EXERCISE DIRECTIONS.
Reproduce the entries exactly and omit the pictures.

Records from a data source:
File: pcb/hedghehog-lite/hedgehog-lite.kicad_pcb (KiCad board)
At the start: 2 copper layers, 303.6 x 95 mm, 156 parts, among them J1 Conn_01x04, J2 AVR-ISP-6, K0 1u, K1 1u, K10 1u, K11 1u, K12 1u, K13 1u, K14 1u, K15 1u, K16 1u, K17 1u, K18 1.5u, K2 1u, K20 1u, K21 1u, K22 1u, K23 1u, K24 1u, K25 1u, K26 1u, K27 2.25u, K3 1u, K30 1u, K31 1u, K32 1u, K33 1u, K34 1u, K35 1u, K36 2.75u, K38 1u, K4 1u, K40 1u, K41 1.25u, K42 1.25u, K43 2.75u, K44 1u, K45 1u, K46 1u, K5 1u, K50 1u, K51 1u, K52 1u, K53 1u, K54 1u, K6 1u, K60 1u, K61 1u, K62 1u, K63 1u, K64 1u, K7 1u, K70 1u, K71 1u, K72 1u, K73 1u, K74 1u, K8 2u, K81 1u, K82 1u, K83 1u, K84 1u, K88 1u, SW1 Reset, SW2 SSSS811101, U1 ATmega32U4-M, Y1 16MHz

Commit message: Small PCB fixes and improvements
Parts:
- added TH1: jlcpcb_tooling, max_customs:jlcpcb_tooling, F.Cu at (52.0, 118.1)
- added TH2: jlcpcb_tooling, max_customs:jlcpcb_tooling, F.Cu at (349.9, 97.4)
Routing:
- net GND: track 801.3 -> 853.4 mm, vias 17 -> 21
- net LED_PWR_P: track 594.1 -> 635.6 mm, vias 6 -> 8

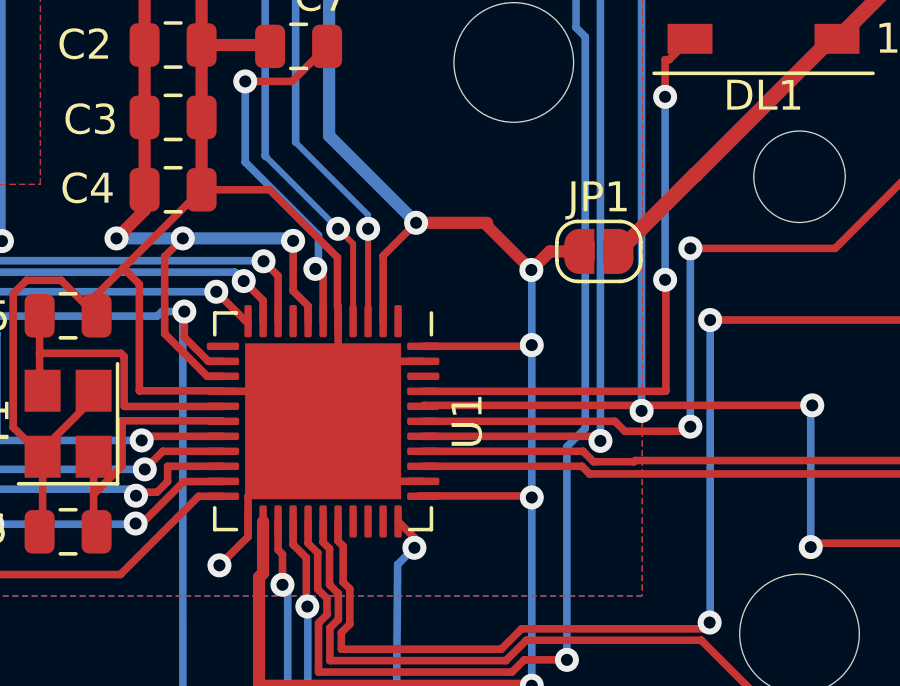
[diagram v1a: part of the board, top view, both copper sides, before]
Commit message: Improved GND connection for atmega
This should not be needed but now all pins are connected to an external track
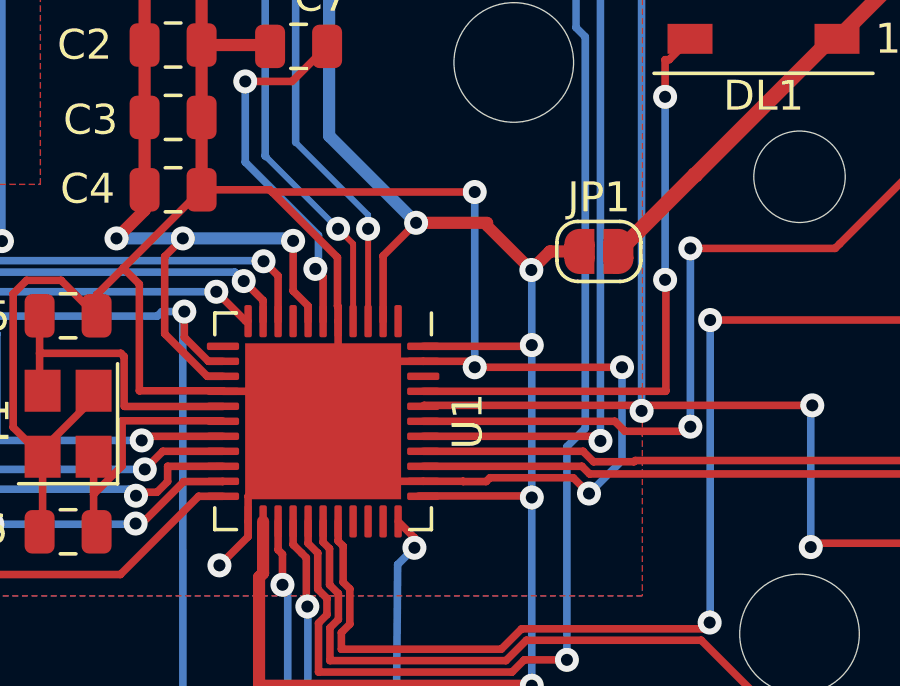
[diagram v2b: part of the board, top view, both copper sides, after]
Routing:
- net GND: track 853.4 -> 883.3 mm, vias 21 -> 25

RESULT FOR THIS TASK.
File: pcb/hedghehog-lite/hedgehog-lite.kicad_pcb (KiCad board)
At the start: 2 copper layers, 303.6 x 95 mm, 156 parts, among them J1 Conn_01x04, J2 AVR-ISP-6, K0 1u, K1 1u, K10 1u, K11 1u, K12 1u, K13 1u, K14 1u, K15 1u, K16 1u, K17 1u, K18 1.5u, K2 1u, K20 1u, K21 1u, K22 1u, K23 1u, K24 1u, K25 1u, K26 1u, K27 2.25u, K3 1u, K30 1u, K31 1u, K32 1u, K33 1u, K34 1u, K35 1u, K36 2.75u, K38 1u, K4 1u, K40 1u, K41 1.25u, K42 1.25u, K43 2.75u, K44 1u, K45 1u, K46 1u, K5 1u, K50 1u, K51 1u, K52 1u, K53 1u, K54 1u, K6 1u, K60 1u, K61 1u, K62 1u, K63 1u, K64 1u, K7 1u, K70 1u, K71 1u, K72 1u, K73 1u, K74 1u, K8 2u, K81 1u, K82 1u, K83 1u, K84 1u, K88 1u, SW1 Reset, SW2 SSSS811101, U1 ATmega32U4-M, Y1 16MHz

Commit message: Small PCB fixes and improvements
Parts:
- added TH1: jlcpcb_tooling, max_customs:jlcpcb_tooling, F.Cu at (52.0, 118.1)
- added TH2: jlcpcb_tooling, max_customs:jlcpcb_tooling, F.Cu at (349.9, 97.4)
Routing:
- net GND: track 801.3 -> 853.4 mm, vias 17 -> 21
- net LED_PWR_P: track 594.1 -> 635.6 mm, vias 6 -> 8

[diagram v1a: part of the board, top view, both copper sides, before]
Commit message: Improved GND connection for atmega
This should not be needed but now all pins are connected to an external track
[diagram v2b: part of the board, top view, both copper sides, after]
Routing:
- net GND: track 853.4 -> 883.3 mm, vias 21 -> 25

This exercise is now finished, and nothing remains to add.